This was what I tried to tell you on all your other posts.


----------



## deejov (Sep 24, 2011)

IN love. I guess that to me, an act of service just does not say "I think you are gorgeous/ beautifull/ sexy." And yes, he wants to have sex with me, but I never feel desired. That he lusts after me. He says stuff about how he would like me to wear a different perfume, and describes the fragrance as one that young women wear. Wants to get me a dress he has seen other women looking good in that is not my style at all. What I hear from that is "you'd be attractive IF you changed how you smell/ look..." And the funny thing is that if I suggest similar to him he point blank refuses because he says I am trying to change him. He does not see the irony...


Your post above...
You took what he said about the perfume and dress in a negative way. That is not his fault.

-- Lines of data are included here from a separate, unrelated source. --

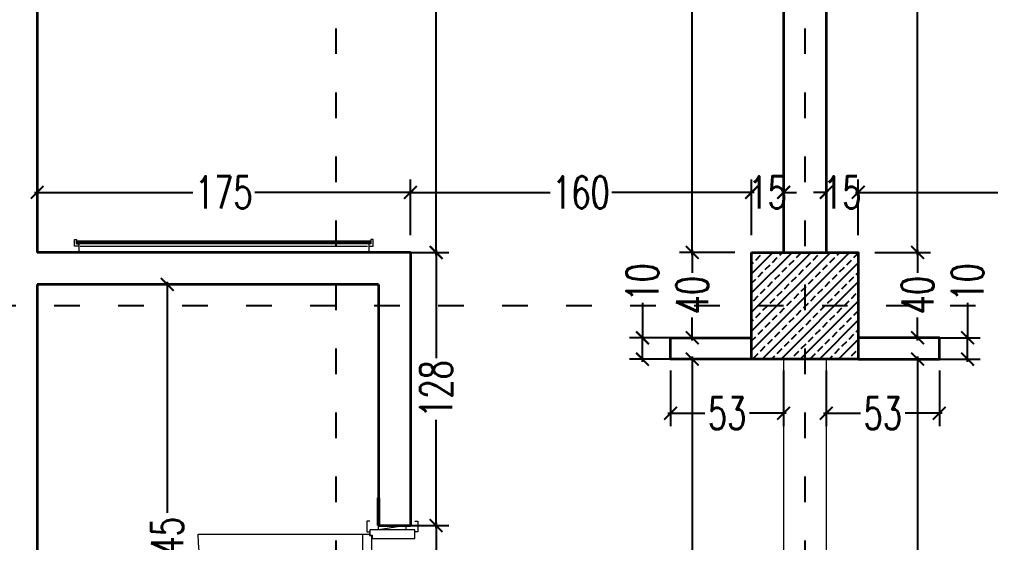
# Model space of a CAD drawing. Header units: centimetres. Extents: x -3207095 to 15275363, y -32656 to 4798027.
# Drawn here: x 693680.1 to 694137.2, y 4471886.9 to 4472132 of the extents above; entities that cross this region are included whole.
import ezdxf

# ---------------------------------------------------------------- set-up
doc = ezdxf.new("R2010")
doc.units = ezdxf.units.CM
doc.linetypes.add('ACAD_ISO03W100', pattern=[30, 12, -18])
doc.linetypes.add('DUZ', pattern=[500, 500])
doc.layers.get('0').update_dxf_attribs({"color": 1, "linetype": 'DUZ'})
for name, color, linetype in [('0 MC MAHAL', 94, 'Continuous'), ('DIM', 1, 'DUZ'), ('KOLTAR_F', 145, 'Continuous')]:
    doc.layers.add(name, color=color, linetype=linetype)
for name, color, linetype, lineweight in [('DUV', 220, 'Continuous', 50), ('DUVAR', 7, 'Continuous', 35), ('FE_MOBTEF.2', 33, 'Continuous', 18), ('iç duvar', 7, 'Continuous', 50), ('KAPEN', 151, 'Continuous', 9), ('KOLON_F', 3, 'Continuous', 35)]:
    doc.layers.add(name, color=color, linetype=linetype, lineweight=lineweight)
doc.styles.add('DIM', font='ROMANSTW.SHX', dxfattribs={"width": 0.7})
doc.dimstyles.new('1_100', dxfattribs={"dimtxt": 15, "dimasz": 6, "dimexe": 6, "dimexo": 0, "dimgap": 2, "dimtad": 0, "dimdec": 1, "dimzin": 11, "dimdsep": 46, "dimtxsty": 'DIM', "dimblk": 'ARCHTICK', "dimcen": 3, "dimdle": 1.25, "dimclrt": 2, "dimadec": 0, "dimazin": 0, "dimtfac": 1.25, "dimtdec": 1, "dimtix": 1, "dimtofl": 0, "dimtmove": 1, "dimatfit": 3, "dimldrblk": 'ARCHTICK', "dimfxl": 20, "dimfxlon": 1, "dimtolj": 1, "dimtzin": 0, "dimarcsym": 0})

# ---------------------------------------------------------------- blocks, each defined once
blk = doc.blocks.new('new block')
at = {"layer": 'KAPEN'}
for p, q in [((105202.0528, 48261.8596), (105202.0198, 48261.8596)), ((105202.0528, 48261.8526), (105202.0528, 48261.8596)), ((105202.0628, 48261.8526), (105202.0528, 48261.8526)), ((105202.0628, 48261.0466), (105202.0628, 48261.8526)), ((105202.0528, 48261.0466), (105202.0628, 48261.0466)), ((105202.0528, 48261.0396), (105202.0528, 48261.0466)), ((105201.2498, 48261.0396), (105202.0528, 48261.0396))]:
    blk.add_line(p, q, dxfattribs=at)
for points in [[(105202.0548, 48261.9196), (105202.0398, 48261.9196), (105202.0398, 48261.8696), (105202.0548, 48261.8696)], [(105202.2648, 48261.9196), (105202.2798, 48261.9196), (105202.2798, 48261.8696), (105202.2648, 48261.8696)], [(105202.2248, 48261.8796), (105202.2248, 48261.8996), (105202.0948, 48261.8796), (105202.0948, 48261.8996)], [(105202.0198, 48261.0396), (105202.0198, 48261.8596)], [(105202.0548, 48260.9796), (105202.0398, 48260.9796), (105202.0398, 48261.0296), (105202.0548, 48261.0296)], [(105202.2248, 48261.0196), (105202.2248, 48260.9996), (105202.0948, 48261.0196), (105202.0948, 48260.9996)], [(105202.2648, 48260.9796), (105202.2798, 48260.9796), (105202.2798, 48261.0296), (105202.2648, 48261.0296)]]:
    blk.add_lwpolyline(points, dxfattribs=at)
for points in [[(105202.0548, 48261.8796), (105202.0548, 48261.8546), (105202.0648, 48261.8546), (105202.0648, 48261.8396), (105202.2648, 48261.8396), (105202.2648, 48261.8796)], [(105202.0548, 48261.0196), (105202.0548, 48261.0446), (105202.0648, 48261.0446), (105202.0648, 48261.0596), (105202.2648, 48261.0596), (105202.2648, 48261.0196)]]:
    blk.add_lwpolyline(points, close=True, dxfattribs=at)
blk.add_arc((105202.0715, 48261.0396), 0.8216, 93.6023, 180, dxfattribs=at)
blk = doc.blocks.new('rgtkjıtdkfgölv')
at = {"layer": 'FE_MOBTEF.2'}
for p, q in [((104445.9076, 48877.9319), (104445.9076, 48877.9619)), ((104447.2679, 48877.9319), (104447.2679, 48877.9619)), ((104445.9079, 48877.9319), (104445.8879, 48877.9319)), ((104445.8879, 48877.9319), (104445.8879, 48877.9019)), ((104445.8879, 48877.9019), (104445.8979, 48877.9019)), ((104445.8979, 48877.9139), (104445.8979, 48877.9219)), ((104445.8979, 48877.9219), (104447.2779, 48877.9219)), ((104445.8979, 48877.9219), (104445.9079, 48877.9219)), ((104445.8979, 48877.9019), (104445.8979, 48877.9219)), ((104445.8979, 48877.9079), (104445.8979, 48877.9139)), ((104445.8979, 48877.9139), (104447.2779, 48877.9139)), ((104447.2779, 48877.9139), (104445.8979, 48877.9139)), ((104447.2779, 48877.9079), (104445.8979, 48877.9079)), ((104445.9079, 48877.9219), (104445.9079, 48877.9319)), ((104447.2612, 48877.9319), (104445.9143, 48877.9319)), ((104447.2679, 48877.9319), (104447.2879, 48877.9319)), ((104447.2679, 48877.9219), (104447.2679, 48877.9319)), ((104447.2779, 48877.9219), (104447.2679, 48877.9219)), ((104447.2779, 48877.9019), (104447.2779, 48877.9219)), ((104447.2779, 48877.9219), (104447.2779, 48877.9139)), ((104447.2779, 48877.9139), (104447.2779, 48877.9079)), ((104447.2879, 48877.9019), (104447.2779, 48877.9019)), ((104447.2879, 48877.9319), (104447.2879, 48877.9019))]:
    blk.add_line(p, q, dxfattribs=at)
blk = doc.blocks.new('_ArchTick')
at = {"color": 0, "linetype": 'ByBlock', "const_width": 0.15}
blk.add_lwpolyline([(-0.5, -0.5), (0.5, 0.5)], dxfattribs=at)
blk = doc.blocks.new('*D1422')
at = {"layer": 'Defpoints', "color": 0, "linetype": 'Continuous', "lineweight": 5, "transparency": 16777216}
for p in [(693995.54, 4471972.8), (694003.23, 4471972.8), (694003.23, 4471727.8)]:
    blk.add_point(p, dxfattribs=at)
at = {"layer": 'DIM', "color": 0, "linetype": 'Continuous', "lineweight": -2, "transparency": 16777216}
for p, q in [((694003.23, 4471972.8), (693989.54, 4471972.8)), ((693995.54, 4471974.05), (693995.54, 4471865.8)), ((693995.54, 4471726.55), (693995.54, 4471834.8)), ((694003.23, 4471727.8), (693989.54, 4471727.8))]:
    blk.add_line(p, q, dxfattribs=at)
at = {"layer": 'DIM', "color": 0, "linetype": 'Continuous', "lineweight": -2, "transparency": 16777216, "xscale": 6, "yscale": 6, "zscale": 6}
for p, rotation in [((693995.54, 4471972.8), 90), ((693995.54, 4471727.8), 270)]:
    blk.add_blockref('_ArchTick', p, dxfattribs=dict(at, rotation=rotation))
at = {"layer": 'DIM', "color": 2, "linetype": 'Continuous', "lineweight": 5, "transparency": 16777216, "insert": (693995.54, 4471850.3), "char_height": 15, "attachment_point": 5, "rotation": 90, "style": 'DIM'}
blk.add_mtext('\\A1;245', dxfattribs=at)
blk = doc.blocks.new('*D1423')
at = {"layer": 'Defpoints', "color": 0, "linetype": 'Continuous', "lineweight": 5, "transparency": 16777216}
for p in [(693995.54, 4472022.8), (694010.17, 4472022.8), (694002.57, 4471982.8)]:
    blk.add_point(p, dxfattribs=at)
at = {"layer": 'DIM', "color": 0, "linetype": 'Continuous', "lineweight": -2, "transparency": 16777216}
for p, q in [((693995.54, 4472024.05), (693995.54, 4472013.3)), ((694010.17, 4472022.8), (693989.54, 4472022.8)), ((693995.54, 4471981.55), (693995.54, 4471992.3)), ((694002.57, 4471982.8), (693989.54, 4471982.8))]:
    blk.add_line(p, q, dxfattribs=at)
at = {"layer": 'DIM', "color": 0, "linetype": 'Continuous', "lineweight": -2, "transparency": 16777216, "xscale": 6, "yscale": 6, "zscale": 6}
for p, rotation in [((693995.54, 4472022.8), 90), ((693995.54, 4471982.8), 270)]:
    blk.add_blockref('_ArchTick', p, dxfattribs=dict(at, rotation=rotation))
at = {"layer": 'DIM', "color": 2, "linetype": 'Continuous', "lineweight": 5, "transparency": 16777216, "insert": (693995.54, 4472002.8), "char_height": 15, "attachment_point": 5, "rotation": 90, "style": 'DIM'}
blk.add_mtext('\\A1;40', dxfattribs=at)
blk = doc.blocks.new('*D1424')
at = {"layer": 'Defpoints', "color": 0, "linetype": 'Continuous', "lineweight": 5, "transparency": 16777216}
for p in [(693972.16, 4471982.8), (693985.37, 4471982.8), (693985.37, 4471972.8)]:
    blk.add_point(p, dxfattribs=at)
at = {"layer": 'DIM', "color": 0, "linetype": 'Continuous', "lineweight": -2, "transparency": 16777216}
for p, q in [((693972.16, 4471999.23), (693972.16, 4471982.8)), ((693985.37, 4471982.8), (693966.16, 4471982.8)), ((693972.16, 4471971.55), (693972.16, 4471984.05)), ((693985.37, 4471972.8), (693966.16, 4471972.8))]:
    blk.add_line(p, q, dxfattribs=at)
at = {"layer": 'DIM', "color": 0, "linetype": 'Continuous', "lineweight": -2, "transparency": 16777216, "xscale": 6, "yscale": 6, "zscale": 6}
for p, rotation in [((693972.16, 4471982.8), 90), ((693972.16, 4471972.8), 270)]:
    blk.add_blockref('_ArchTick', p, dxfattribs=dict(at, rotation=rotation))
at = {"layer": 'DIM', "color": 2, "linetype": 'Continuous', "lineweight": 5, "transparency": 16777216, "insert": (693972.16, 4472008.73), "char_height": 15, "attachment_point": 5, "rotation": 90, "style": 'DIM'}
blk.add_mtext('\\A1;10', dxfattribs=at)
blk = doc.blocks.new('*D1425')
at = {"layer": 'Defpoints', "color": 0, "linetype": 'Continuous', "lineweight": 5, "transparency": 16777216}
for p in [(693995.54, 4472492.8), (694023.37, 4472492.8), (694023.37, 4472022.8)]:
    blk.add_point(p, dxfattribs=at)
at = {"layer": 'DIM', "color": 0, "linetype": 'Continuous', "lineweight": -2, "transparency": 16777216}
for p, q in [((693995.54, 4472494.05), (693995.54, 4472273.3)), ((694015.54, 4472492.8), (693989.54, 4472492.8)), ((693995.54, 4472021.55), (693995.54, 4472242.3)), ((694015.54, 4472022.8), (693989.54, 4472022.8))]:
    blk.add_line(p, q, dxfattribs=at)
at = {"layer": 'DIM', "color": 0, "linetype": 'Continuous', "lineweight": -2, "transparency": 16777216, "xscale": 6, "yscale": 6, "zscale": 6}
for p, rotation in [((693995.54, 4472492.8), 90), ((693995.54, 4472022.8), 270)]:
    blk.add_blockref('_ArchTick', p, dxfattribs=dict(at, rotation=rotation))
at = {"layer": 'DIM', "color": 2, "linetype": 'Continuous', "lineweight": 5, "transparency": 16777216, "insert": (693995.54, 4472257.8), "char_height": 15, "attachment_point": 5, "rotation": 90, "style": 'DIM'}
blk.add_mtext('\\A1;470', dxfattribs=at)
blk = doc.blocks.new('*D1428')
at = {"layer": 'Defpoints', "color": 0, "linetype": 'Continuous', "lineweight": 5, "transparency": 16777216}
for p in [(693863.37, 4471894.8), (693875.41, 4471894.8), (693863.37, 4471804.8)]:
    blk.add_point(p, dxfattribs=at)
at = {"layer": 'DIM', "color": 0, "linetype": 'Continuous', "lineweight": -2, "transparency": 16777216}
for p, q in [((693875.41, 4471896.05), (693875.41, 4471860.3)), ((693863.37, 4471894.8), (693881.41, 4471894.8)), ((693875.41, 4471803.55), (693875.41, 4471839.3)), ((693863.37, 4471804.8), (693881.41, 4471804.8))]:
    blk.add_line(p, q, dxfattribs=at)
at = {"layer": 'DIM', "color": 0, "linetype": 'Continuous', "lineweight": -2, "transparency": 16777216, "xscale": 6, "yscale": 6, "zscale": 6}
for p, rotation in [((693875.41, 4471894.8), 90), ((693875.41, 4471804.8), 270)]:
    blk.add_blockref('_ArchTick', p, dxfattribs=dict(at, rotation=rotation))
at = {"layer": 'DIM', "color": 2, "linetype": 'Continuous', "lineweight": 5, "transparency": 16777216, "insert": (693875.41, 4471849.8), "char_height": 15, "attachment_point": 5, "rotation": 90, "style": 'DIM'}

The perfume that younger women wear, and the dress style... is how he sees you. He sees you as a younger, beautiful woman.

You see yourself much uglier. And that is what you present to him. That is not his fault either.

I can see where past actions might make you feel that he has to make up for that, and he caused you to feel ugly and unwanted.

You think he took that away from you, so you think he still owns it. 

He doesn't own it. Never did. Never will. It isn't gone. You are just too afraid to show it. You show him the wounded side instead. 

If you are only willing to give him the less attractive wounded self, don't expect any less from him.


----------



## walkingwounded (May 7, 2011)

I feel like I just cannot win whatever I do.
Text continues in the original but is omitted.